Toward the end of his life, the Buddha took his disciples to a quiet pond for instruction. As they had done so many times before, the Buddha’s followers sat in a small circle around him, and waited for the teaching.

But this time the Buddha had no words. He reached into the muck and pulled up a lotus flower. And he held it silently before them, its roots dripping mud and water.

The disciples were greatly confused. Buddha quietly displayed the lotus to each of them. In turn, the disciples did their best to expound upon the meaning of the flower: what it symbolized, and how it fit into the body of Buddha’s teaching.

When at last the Buddha came to his follower Mahakasyapa, the disciple suddenly understood. He smiled and began to laugh. Buddha handed the lotus to Mahakasyapa and began to speak.

“‘What can be said I have said to you,’ smiled the Buddha, ‘and what cannot be said, I have given to Mahakashyapa.’

Mahakashyapa became Buddha’s successor from that day forward.”

I first grasped my “window nature” when I was around 16 or so. In those days it was Neil Young or Cat Stevens who held up the mirror of music that showed me me. We did not have mp3 players in the early 1970s, although I imagined such a miracle. Instead, we had our small collections of albums that we played endlessly on our portable record players or if we were more fortunate, our “sound systems,” complete with receiver, speakers and eventually a cassette recorder that enabled us to copy and play our albums in our cars.

I spent hours in my closed room listening to After the Gold Rush, Harvest, Tea for the Tillerman and Teaser and the Firecat. The music would flow into my spirit and I would feel it shimmer and shake and then become peaceful and quiet and some words would line up like parachutists ready to leap from a high plane and all I had to do was put my pen to paper and they would tumble out. I just watched. I was a window through which the words passed. I had no clue where they came from but it got me high. Better than any drug.

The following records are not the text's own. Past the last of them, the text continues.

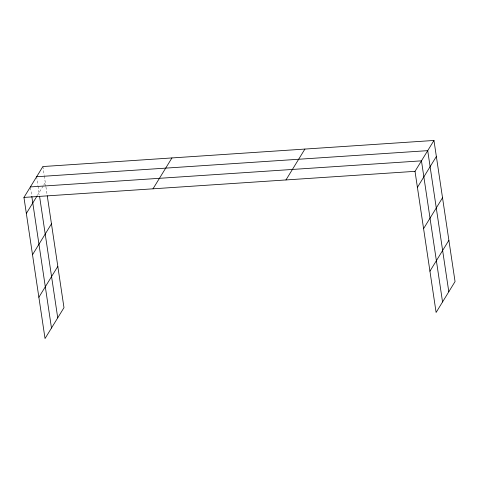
<?xml version="1.0" encoding="UTF-8"?>
<svg xmlns="http://www.w3.org/2000/svg" width="479" height="479" viewBox="0 0 479 479"><rect width="100%" height="100%" fill="white"/><g stroke="black" fill="none" stroke-linecap="round" stroke-linejoin="round"><path stroke-width="0.36" stroke-dasharray="2.4 1.8" d="M37.476 195.318L43.338 185.768M43.727 185.128L45.289 182.583M42.894 166.542L44.2 175.29M44.307 176.021L45.84 186.265M45.954 187.002L47.164 195.115M36.644 176.733L37.949 185.481M38.057 186.211L39.368 194.983M30.5 187.654L31.698 195.672"/><path stroke-width="0.72" d="M47.271 195.851L63.982 307.662L45.038 338.539L23.95 197.426L42.894 166.542L433.962 140.461L455.05 281.574L436.106 312.458L415.018 171.338L433.962 140.461M26.345 213.46L37.087 195.959M32.518 254.738L51.457 223.855M38.871 297.261L57.815 266.384M153.005 188.816L171.943 157.938M285.963 179.948L304.907 149.071M417.413 187.379L436.357 156.501M423.58 228.657L442.524 197.773M429.938 271.18L448.883 240.302M36.644 176.733L427.711 150.651L448.799 291.765M30.393 186.924L421.46 160.842L442.548 301.956M23.95 197.426L415.018 171.338M39.589 196.456L57.731 317.846M31.806 196.402L51.481 328.037"/></g></svg>
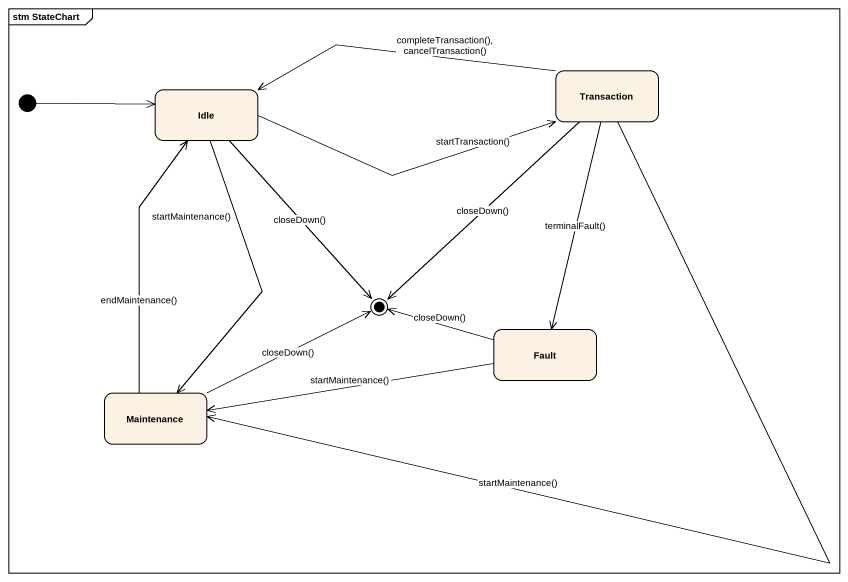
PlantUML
@startuml
mainframe stm StateChart
hide empty description
state Transaction
state Idle
state Fault
state Maintenance
[*] -right-> Idle
Transaction -left-> Idle : completeTransaction(), cancelTransaction()
Transaction --> Fault : terminalFault()
Transaction --> Maintenance : startMaintenance()
Idle -right-> Transaction : startTransaction()
Idle --> Maintenance : startMaintenance()
Fault -left-> Maintenance : startMaintenance()
Maintenance -up-> Idle : endMaintenance()
Transaction --> [*] : closeDown()
Idle --> [*] : closeDown()
Fault -left-> [*] : closeDown()
Maintenance -right-> [*] : closeDown()
@enduml

Even then, I struggled with improving on silence. How could something be better than nothing? Once we gain a spiritual understanding, don’t we ruin it the minute we try to describe it? The best we can accomplish with words is to imperfectly fashion a sign that points to something too amazing for words.

The reason I fell in love with Zen Buddhism at that time was its recognition of the vacancy of language. It is necessary to fill up the space between us. But even if our words speak the truth, they aren’t the same as experiencing truth in our being like warm blood surging through the rivers of our veins. Talking about sex or sugar is the not the same as tasting them.

We can only fully grasp the truth of something when we go beyond thoughts and words. Which, for someone like me who loves words like an addict loves heroin, has been a difficult reality to accept. A canoe is useful for getting across the river but once we reach land, we leave the canoe behind.

We can’t improve on the perfection of the natural world but when stop swimming in the word stream, we can wake up and see it.  And be it. 

“The Buddha was teaching about the essential nature of reality,” an essence that is in you and me and everyone and everything. It cannot be captured in words. And yet it is here. It is now.

Adyashanti explains in Falling into Grace: Insights on the end of suffering that we can’t truly understand our suffering unless we turn inward and see how we see. Our thoughts are the silent words in our minds that are not real but point to what is real. When I look at a picture of me when I was 16, I know that guy is gone. I know the picture is not him and my thoughts about him are not him. My thoughts about something are not the same as the thing. My thoughts about Buddha’s flower are not the same as the flower. None of our thoughts are real and yet we cling to them like a life-boat in a stormy sea.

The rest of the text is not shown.